Nice machine! I bet you get upgrade-itis for another grinder ; )


----------



## frankil (Jan 20, 2012)

Thanks.

But Rocky has to stay. For now


----------



## MikeHag (Mar 13, 2011)

Damn you and your fantastic machine!


----------



## Spazbarista (Dec 6, 2011)

Rocket certainly do the furniture aspect really well.

Beautiful.


----------



## frankil (Jan 20, 2012)

Thank you!

I smile whenever I see it in the kitchen.


----------



## maarten_booij (Jan 28, 2011)

O wow, that is one of my dream upgrades!


----------



## Daren (Jan 16, 2012)

I am green with envy....


----------



## bobbytoad (Aug 12, 2011)

Greetings fellow Rocketeer









See you've got the same manky new style badge on yours too, I preferred the previous one with the larger retro 'Giotto' text over the new wordy version.


----------



## frankil (Jan 20, 2012)

Thanks guys!

Keeping my machine clean and shiny is one of my favourite tasks!

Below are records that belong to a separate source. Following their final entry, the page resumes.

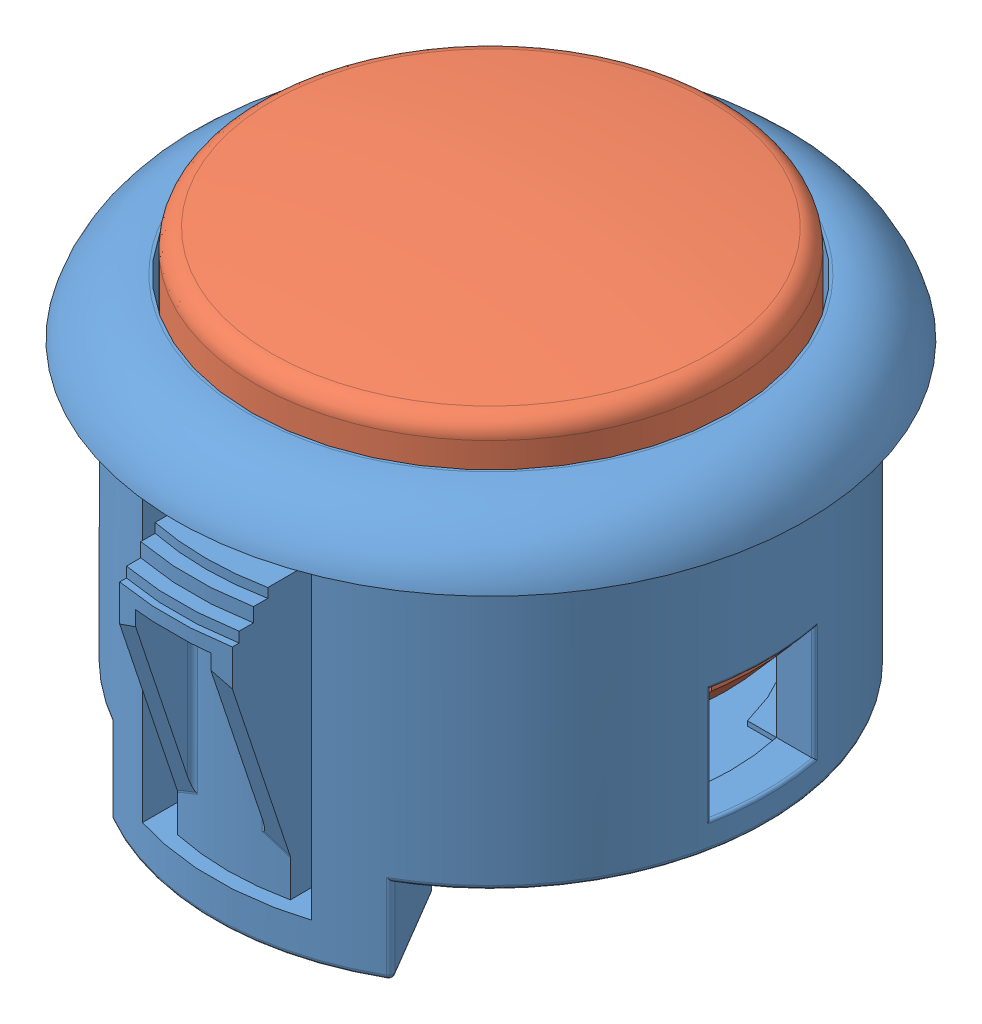
SolidWorks assembly Sanwa OBSF-30 assem, configuration Default. Lengths in mm.
Overall size (33.5 25.53 34.06).
2 component instances, 2 part files, 2 mates.
Components (placement in the parent):
- Sanwa OBSF-30 body-1: Sanwa OBSF-30 body [Default] at (-0.4248 -9.7351 -0.8051) size (33.5 22.5 34.06)
- Sanwa OBSF-30 plunger-1: Sanwa OBSF-30 plunger [Default] at (-0.4248 -0.206 -0.8051) size (28.05 16.02 25)
Mates (geometry in assembly coordinates):
- Concentric3: concentric anti-aligned: cylinder of Sanwa OBSF-30 body-1 through (-0.4248 -3.7351 -0.8051) axis (0 1 0) radius 12.75; cylinder of Sanwa OBSF-30 plunger-1 through (-0.4248 14.794 -0.8051) axis (0 -1 0) radius 12.5
- Coincident2: coincident anti-aligned: plane of Sanwa OBSF-30 body-1 through (19.5752 2.294 1.9449) normal (0 -1 0); plane of Sanwa OBSF-30 plunger-1 through (-0.4248 2.294 -0.8051) normal (0 1 0)

But my favourite part is using it


----------



## RoloD (Oct 13, 2010)

she's beautiful


----------



## 7tenths (Mar 14, 2012)

Beautiful machine....OK, I have a soft-spot for E61 machines ;-)


----------



## louiscar (Jul 25, 2012)

Any advice on getting the 'god shot' from her? I've had mine for a couple of months and struggling to get anything near what I was getting with my ms Silvia. I must have tried everything and whilst I get good flavours and a smooth shot I'm left with a tang in the mouth that is not too pleasant and I guess a lack of body.


----------